NEPHRO BATTLE BUDDIES

 Q -  Can you provide a little snapshot of the Warrior in you? Family, career, hobbies...etc.  Help us get  to know you." 

  A - CC: "Hi, my name is Cortney, and I became a battle buddy the day my husband was diagnosed with ESRD, in October 2024. I work in management for UPS, but also now co-run Nephro Warriors, mostly the Battle Buddies portion of that. My family is my strength and I really enjoy letting my creative side out, in all the things I do."

  Q - When did your journey as a care partner officially begin, and what made you decide to take on this essential role for your loved one?

  A - CC: "My journey began when my husband was diagnosed ESRD, and I wasn't excited about how things were done in center, so when the opportunity was presented that we could do HHD and make it our own, I was all about it. I wasn't happy with the way being in center had changed the quality of life for not only my husband but myself included." 

  Q - What is the single most challenging aspect of your day-to-day life as a care partner, and how have you adapted or found a way to manage it?

  A - CC: "The most challenging part I feel is finding more time in a day to do everything, just finding that balance. Something I'm still working on.." 

  Q - Who or what helps you stay resilient and focused when the journey gets particularly difficult? (e.g., A personal ritual, a support group, faith, or humor).

A - CC: "  I have a love for learning, and I find myself seeking out others or information so that I have a better understanding. I did join a support group, and I enjoy being able to help and educate others on their journey, as this isn't always an easy road. 

  Q - What is one piece of knowledge about kidney disease or caregiving that you wish you knew earlier, and what advice would you give to someone who is just starting as a care partner?

A - CC: "    I wish that when we started this journey that we had someone or something like battle buddies, who could lay out all the options for care, and who we could ask the questions. I didn't know what those questions were when we started, and now that we are here, I feel like that's where my passion and drive can come in to help others to navigate the unknown. My advice would be, don't be afraid to speak up, especially for your warrior, if it doesn't feel right, or if it seems off, say something.  

  Q -   How do you make sure you are also taking care of your own emotional and physical well-being while being so dedicated to your loved one’s health? 

A - CC: "This is a hard thing for us who are in the role of caregiver (battle buddy) There are days, when I feel like, all I do is work, and dialysis. So, I try and find that time, to have a coffee date with a friend, or go get that pedicure, these things seem small, but it's a nice way to just help reset the mind and spirit. I also, find great joy in letting my creative side out. Decorating for each month and holiday in my home is one of my favorite things."

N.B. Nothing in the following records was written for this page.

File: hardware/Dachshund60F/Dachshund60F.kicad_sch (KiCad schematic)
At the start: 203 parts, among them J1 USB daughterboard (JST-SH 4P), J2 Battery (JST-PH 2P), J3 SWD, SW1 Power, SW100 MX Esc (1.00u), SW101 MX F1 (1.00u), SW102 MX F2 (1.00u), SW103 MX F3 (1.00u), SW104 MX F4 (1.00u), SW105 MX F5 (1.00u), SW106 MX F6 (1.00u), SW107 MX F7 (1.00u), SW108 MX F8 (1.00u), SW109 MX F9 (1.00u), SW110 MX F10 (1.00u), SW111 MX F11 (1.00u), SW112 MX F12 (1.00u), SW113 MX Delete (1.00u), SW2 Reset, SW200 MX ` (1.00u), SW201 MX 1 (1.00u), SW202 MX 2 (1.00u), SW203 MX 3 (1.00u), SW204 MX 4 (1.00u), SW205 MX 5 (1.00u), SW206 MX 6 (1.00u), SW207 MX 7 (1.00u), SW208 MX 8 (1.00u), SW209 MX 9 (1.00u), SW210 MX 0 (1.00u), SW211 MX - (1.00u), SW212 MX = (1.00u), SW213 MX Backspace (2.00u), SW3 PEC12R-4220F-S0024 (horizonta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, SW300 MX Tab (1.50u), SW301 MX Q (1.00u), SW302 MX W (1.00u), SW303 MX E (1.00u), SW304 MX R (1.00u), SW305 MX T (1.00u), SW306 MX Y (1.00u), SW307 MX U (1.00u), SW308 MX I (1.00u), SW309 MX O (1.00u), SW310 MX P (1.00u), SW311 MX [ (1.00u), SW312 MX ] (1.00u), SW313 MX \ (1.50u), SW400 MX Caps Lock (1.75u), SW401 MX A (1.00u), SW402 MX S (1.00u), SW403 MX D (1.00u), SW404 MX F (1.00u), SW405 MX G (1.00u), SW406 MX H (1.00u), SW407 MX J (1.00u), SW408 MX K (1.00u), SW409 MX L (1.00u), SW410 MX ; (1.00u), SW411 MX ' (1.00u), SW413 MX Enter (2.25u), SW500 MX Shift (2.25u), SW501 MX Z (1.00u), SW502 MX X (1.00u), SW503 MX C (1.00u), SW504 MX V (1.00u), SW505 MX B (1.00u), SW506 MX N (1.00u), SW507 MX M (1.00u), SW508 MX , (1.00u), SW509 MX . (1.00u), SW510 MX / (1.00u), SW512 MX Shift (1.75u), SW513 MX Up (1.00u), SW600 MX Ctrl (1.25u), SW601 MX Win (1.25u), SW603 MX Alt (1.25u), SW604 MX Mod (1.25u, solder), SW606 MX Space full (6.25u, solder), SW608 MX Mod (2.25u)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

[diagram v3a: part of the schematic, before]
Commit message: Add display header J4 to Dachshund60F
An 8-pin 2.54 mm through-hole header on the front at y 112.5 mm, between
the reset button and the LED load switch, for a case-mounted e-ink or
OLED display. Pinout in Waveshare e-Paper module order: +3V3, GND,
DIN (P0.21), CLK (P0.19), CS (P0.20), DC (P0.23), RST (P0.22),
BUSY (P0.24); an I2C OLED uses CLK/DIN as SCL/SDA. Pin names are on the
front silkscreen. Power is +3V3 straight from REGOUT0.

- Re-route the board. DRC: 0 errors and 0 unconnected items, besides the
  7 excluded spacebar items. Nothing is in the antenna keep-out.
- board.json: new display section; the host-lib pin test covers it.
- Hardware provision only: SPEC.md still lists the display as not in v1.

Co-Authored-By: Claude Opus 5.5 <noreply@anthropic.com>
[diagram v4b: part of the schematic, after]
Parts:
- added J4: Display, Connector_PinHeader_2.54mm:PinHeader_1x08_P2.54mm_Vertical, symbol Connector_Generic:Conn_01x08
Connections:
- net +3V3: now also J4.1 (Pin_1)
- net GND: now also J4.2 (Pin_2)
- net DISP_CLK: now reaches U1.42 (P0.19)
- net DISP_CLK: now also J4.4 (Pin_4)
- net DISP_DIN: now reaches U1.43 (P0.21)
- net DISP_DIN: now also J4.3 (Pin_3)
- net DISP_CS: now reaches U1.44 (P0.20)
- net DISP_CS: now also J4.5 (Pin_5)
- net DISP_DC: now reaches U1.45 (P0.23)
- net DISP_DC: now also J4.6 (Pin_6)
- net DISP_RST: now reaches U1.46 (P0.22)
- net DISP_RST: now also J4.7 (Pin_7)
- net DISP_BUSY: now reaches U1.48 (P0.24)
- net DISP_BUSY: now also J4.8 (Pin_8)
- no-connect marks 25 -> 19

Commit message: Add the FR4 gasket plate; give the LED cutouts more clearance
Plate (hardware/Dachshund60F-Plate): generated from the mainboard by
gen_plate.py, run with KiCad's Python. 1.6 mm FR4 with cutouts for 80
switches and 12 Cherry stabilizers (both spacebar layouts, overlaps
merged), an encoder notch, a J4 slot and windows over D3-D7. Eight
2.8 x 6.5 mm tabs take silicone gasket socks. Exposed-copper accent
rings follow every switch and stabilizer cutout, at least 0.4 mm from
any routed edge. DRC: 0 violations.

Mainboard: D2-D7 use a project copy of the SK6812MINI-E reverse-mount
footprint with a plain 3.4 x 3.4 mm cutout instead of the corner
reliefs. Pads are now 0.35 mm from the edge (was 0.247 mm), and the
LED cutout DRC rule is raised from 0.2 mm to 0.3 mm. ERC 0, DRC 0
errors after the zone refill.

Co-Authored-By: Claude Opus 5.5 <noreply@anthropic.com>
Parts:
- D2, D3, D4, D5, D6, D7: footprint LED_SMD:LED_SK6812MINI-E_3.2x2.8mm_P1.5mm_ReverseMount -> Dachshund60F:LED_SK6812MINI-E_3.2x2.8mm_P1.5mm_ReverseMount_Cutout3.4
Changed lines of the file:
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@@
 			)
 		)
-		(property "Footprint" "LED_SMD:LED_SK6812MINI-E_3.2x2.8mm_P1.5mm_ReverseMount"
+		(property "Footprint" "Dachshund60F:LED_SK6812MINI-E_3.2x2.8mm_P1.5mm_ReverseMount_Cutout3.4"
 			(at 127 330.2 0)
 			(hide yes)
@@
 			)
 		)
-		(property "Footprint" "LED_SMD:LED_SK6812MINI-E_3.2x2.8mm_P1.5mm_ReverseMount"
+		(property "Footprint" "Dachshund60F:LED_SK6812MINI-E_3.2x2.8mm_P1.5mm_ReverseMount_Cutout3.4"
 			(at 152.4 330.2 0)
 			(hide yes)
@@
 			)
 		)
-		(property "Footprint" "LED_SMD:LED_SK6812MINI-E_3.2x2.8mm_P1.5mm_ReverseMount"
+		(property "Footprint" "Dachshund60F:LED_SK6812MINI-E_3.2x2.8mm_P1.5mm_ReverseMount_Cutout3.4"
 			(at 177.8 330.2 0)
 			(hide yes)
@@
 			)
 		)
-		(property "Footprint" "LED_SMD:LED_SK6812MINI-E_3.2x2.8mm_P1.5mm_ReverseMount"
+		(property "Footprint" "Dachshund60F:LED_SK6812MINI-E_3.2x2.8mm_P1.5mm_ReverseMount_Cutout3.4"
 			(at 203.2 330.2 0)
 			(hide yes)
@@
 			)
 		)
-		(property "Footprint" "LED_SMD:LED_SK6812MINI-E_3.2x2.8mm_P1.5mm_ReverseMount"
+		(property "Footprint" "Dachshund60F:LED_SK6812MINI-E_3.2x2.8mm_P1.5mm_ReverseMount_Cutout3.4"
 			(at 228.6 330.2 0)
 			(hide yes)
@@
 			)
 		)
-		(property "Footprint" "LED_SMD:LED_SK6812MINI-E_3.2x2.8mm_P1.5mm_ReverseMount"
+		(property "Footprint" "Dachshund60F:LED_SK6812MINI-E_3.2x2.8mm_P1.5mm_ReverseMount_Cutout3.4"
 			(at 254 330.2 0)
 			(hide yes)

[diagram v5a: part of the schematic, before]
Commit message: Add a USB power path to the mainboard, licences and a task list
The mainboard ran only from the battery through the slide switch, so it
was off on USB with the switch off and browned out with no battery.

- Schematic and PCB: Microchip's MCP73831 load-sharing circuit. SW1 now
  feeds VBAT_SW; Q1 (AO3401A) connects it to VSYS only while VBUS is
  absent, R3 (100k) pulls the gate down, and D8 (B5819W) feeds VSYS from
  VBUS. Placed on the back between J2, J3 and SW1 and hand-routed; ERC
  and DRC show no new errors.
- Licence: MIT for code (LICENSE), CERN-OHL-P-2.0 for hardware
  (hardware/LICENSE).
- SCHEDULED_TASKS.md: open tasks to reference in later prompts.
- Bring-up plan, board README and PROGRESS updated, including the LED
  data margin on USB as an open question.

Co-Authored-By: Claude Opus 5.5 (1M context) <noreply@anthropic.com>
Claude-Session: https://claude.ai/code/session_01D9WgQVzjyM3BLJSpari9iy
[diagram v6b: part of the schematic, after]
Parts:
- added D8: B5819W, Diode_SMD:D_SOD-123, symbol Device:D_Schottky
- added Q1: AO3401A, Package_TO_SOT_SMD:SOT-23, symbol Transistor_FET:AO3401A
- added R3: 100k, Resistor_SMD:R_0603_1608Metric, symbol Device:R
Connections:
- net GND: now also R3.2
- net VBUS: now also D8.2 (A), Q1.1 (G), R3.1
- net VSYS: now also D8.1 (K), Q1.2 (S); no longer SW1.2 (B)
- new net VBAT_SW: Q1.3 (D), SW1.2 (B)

  Q - How do you personally measure success or a "good day" in your role as a care partner, and what is your greatest hope for your loved one's future health?

A - CC: "A good day is when we can successfully complete a treatment, with no issues. No major alarms, cannulation is good, and when we remove the needles, we don't have to mop the floor from the bleeding. IYKYK. My greatest hope for my husband's future, is that he continues to thrive during this, that he continues to keep that positive mindset, and hopefully soon, can receive a donor kidney, that also, thrives."